Saved entries
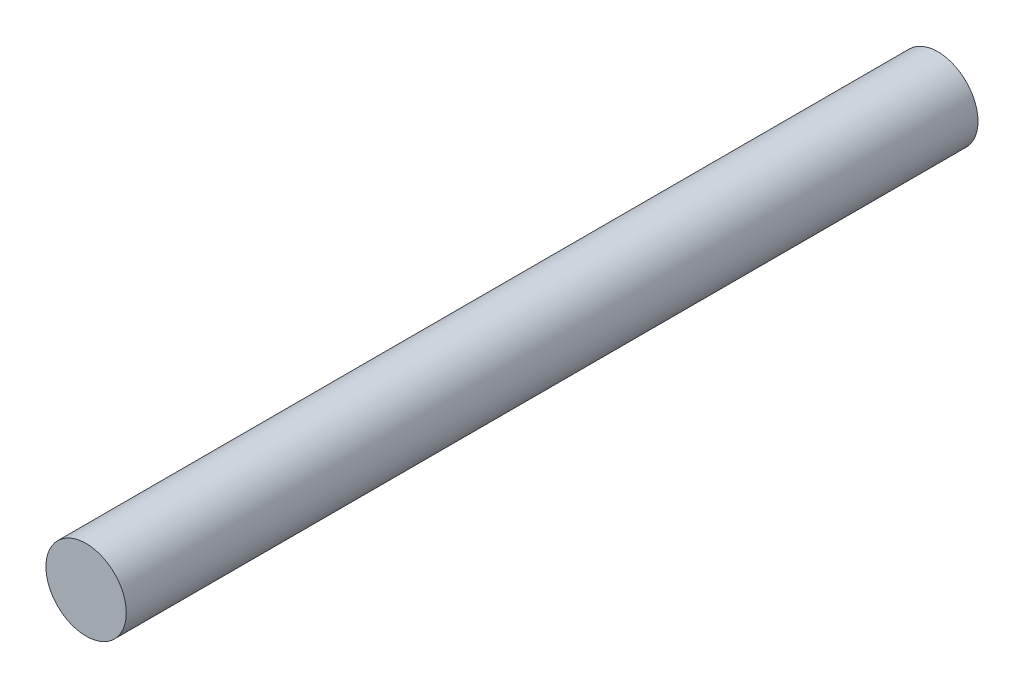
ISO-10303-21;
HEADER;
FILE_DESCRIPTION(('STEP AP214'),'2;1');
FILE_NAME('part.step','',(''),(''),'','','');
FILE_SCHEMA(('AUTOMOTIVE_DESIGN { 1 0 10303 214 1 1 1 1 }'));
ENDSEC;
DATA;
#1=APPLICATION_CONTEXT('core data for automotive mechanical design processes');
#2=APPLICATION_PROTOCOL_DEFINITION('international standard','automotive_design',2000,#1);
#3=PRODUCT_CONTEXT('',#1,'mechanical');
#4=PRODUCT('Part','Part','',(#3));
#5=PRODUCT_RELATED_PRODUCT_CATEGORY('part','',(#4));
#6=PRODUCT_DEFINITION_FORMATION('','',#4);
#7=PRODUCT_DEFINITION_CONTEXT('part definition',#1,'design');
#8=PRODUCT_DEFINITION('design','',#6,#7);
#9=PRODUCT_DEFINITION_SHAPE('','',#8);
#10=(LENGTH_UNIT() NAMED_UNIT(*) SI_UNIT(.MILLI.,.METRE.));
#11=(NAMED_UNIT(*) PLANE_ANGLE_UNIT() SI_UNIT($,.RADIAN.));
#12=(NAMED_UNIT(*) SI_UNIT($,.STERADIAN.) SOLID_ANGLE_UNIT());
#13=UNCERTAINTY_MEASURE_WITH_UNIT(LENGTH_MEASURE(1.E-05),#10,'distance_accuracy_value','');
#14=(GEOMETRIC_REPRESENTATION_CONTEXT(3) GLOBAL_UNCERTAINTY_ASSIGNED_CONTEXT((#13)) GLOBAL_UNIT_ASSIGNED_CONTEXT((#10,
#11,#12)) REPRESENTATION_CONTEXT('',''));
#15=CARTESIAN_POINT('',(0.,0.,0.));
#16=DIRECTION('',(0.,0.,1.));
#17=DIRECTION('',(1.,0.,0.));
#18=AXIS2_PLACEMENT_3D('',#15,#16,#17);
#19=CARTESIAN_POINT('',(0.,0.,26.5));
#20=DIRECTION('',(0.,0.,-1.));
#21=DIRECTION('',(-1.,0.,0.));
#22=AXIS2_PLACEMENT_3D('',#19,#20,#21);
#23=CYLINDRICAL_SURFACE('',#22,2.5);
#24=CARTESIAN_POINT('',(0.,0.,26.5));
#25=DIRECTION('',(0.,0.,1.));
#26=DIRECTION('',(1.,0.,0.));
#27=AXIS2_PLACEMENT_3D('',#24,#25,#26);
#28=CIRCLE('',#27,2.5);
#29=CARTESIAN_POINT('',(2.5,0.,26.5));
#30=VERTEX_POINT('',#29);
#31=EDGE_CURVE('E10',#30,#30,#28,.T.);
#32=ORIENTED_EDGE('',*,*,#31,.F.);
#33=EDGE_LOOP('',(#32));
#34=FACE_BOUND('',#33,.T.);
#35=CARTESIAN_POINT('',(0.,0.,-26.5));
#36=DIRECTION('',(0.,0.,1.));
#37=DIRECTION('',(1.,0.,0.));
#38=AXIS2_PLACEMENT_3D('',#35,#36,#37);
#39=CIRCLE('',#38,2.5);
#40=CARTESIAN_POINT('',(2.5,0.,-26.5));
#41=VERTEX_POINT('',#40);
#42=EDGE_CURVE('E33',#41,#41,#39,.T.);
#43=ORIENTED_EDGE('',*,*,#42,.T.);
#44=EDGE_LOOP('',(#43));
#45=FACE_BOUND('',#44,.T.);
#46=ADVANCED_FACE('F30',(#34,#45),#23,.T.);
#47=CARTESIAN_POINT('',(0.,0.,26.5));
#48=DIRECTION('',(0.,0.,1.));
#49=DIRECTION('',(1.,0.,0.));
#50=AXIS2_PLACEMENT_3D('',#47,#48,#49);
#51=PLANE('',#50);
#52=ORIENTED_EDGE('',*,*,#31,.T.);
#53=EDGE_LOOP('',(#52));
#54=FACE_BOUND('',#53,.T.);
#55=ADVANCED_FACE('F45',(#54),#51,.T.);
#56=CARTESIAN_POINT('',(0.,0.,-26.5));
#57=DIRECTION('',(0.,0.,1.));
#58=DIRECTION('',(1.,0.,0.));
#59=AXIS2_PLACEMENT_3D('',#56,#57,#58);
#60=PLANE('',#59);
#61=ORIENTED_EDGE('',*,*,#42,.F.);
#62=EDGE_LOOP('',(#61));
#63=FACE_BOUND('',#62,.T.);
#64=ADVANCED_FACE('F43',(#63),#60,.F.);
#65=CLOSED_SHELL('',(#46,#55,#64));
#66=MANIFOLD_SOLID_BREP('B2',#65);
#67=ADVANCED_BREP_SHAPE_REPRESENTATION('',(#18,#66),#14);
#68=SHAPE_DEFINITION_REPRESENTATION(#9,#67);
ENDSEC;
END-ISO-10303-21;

PROBLEM REQUIREMENTS: What you give back should be exactly the lines from the top of the data above down to and including the line with "#33=EDGE_LOOP('',(#32));", minus any pictures.

TASK SOLUTION:
ISO-10303-21;
HEADER;
FILE_DESCRIPTION(('STEP AP214'),'2;1');
FILE_NAME('part.step','',(''),(''),'','','');
FILE_SCHEMA(('AUTOMOTIVE_DESIGN { 1 0 10303 214 1 1 1 1 }'));
ENDSEC;
DATA;
#1=APPLICATION_CONTEXT('core data for automotive mechanical design processes');
#2=APPLICATION_PROTOCOL_DEFINITION('international standard','automotive_design',2000,#1);
#3=PRODUCT_CONTEXT('',#1,'mechanical');
#4=PRODUCT('Part','Part','',(#3));
#5=PRODUCT_RELATED_PRODUCT_CATEGORY('part','',(#4));
#6=PRODUCT_DEFINITION_FORMATION('','',#4);
#7=PRODUCT_DEFINITION_CONTEXT('part definition',#1,'design');
#8=PRODUCT_DEFINITION('design','',#6,#7);
#9=PRODUCT_DEFINITION_SHAPE('','',#8);
#10=(LENGTH_UNIT() NAMED_UNIT(*) SI_UNIT(.MILLI.,.METRE.));
#11=(NAMED_UNIT(*) PLANE_ANGLE_UNIT() SI_UNIT($,.RADIAN.));
#12=(NAMED_UNIT(*) SI_UNIT($,.STERADIAN.) SOLID_ANGLE_UNIT());
#13=UNCERTAINTY_MEASURE_WITH_UNIT(LENGTH_MEASURE(1.E-05),#10,'distance_accuracy_value','');
#14=(GEOMETRIC_REPRESENTATION_CONTEXT(3) GLOBAL_UNCERTAINTY_ASSIGNED_CONTEXT((#13)) GLOBAL_UNIT_ASSIGNED_CONTEXT((#10,
#11,#12)) REPRESENTATION_CONTEXT('',''));
#15=CARTESIAN_POINT('',(0.,0.,0.));
#16=DIRECTION('',(0.,0.,1.));
#17=DIRECTION('',(1.,0.,0.));
#18=AXIS2_PLACEMENT_3D('',#15,#16,#17);
#19=CARTESIAN_POINT('',(0.,0.,26.5));
#20=DIRECTION('',(0.,0.,-1.));
#21=DIRECTION('',(-1.,0.,0.));
#22=AXIS2_PLACEMENT_3D('',#19,#20,#21);
#23=CYLINDRICAL_SURFACE('',#22,2.5);
#24=CARTESIAN_POINT('',(0.,0.,26.5));
#25=DIRECTION('',(0.,0.,1.));
#26=DIRECTION('',(1.,0.,0.));
#27=AXIS2_PLACEMENT_3D('',#24,#25,#26);
#28=CIRCLE('',#27,2.5);
#29=CARTESIAN_POINT('',(2.5,0.,26.5));
#30=VERTEX_POINT('',#29);
#31=EDGE_CURVE('E10',#30,#30,#28,.T.);
#32=ORIENTED_EDGE('',*,*,#31,.F.);
#33=EDGE_LOOP('',(#32));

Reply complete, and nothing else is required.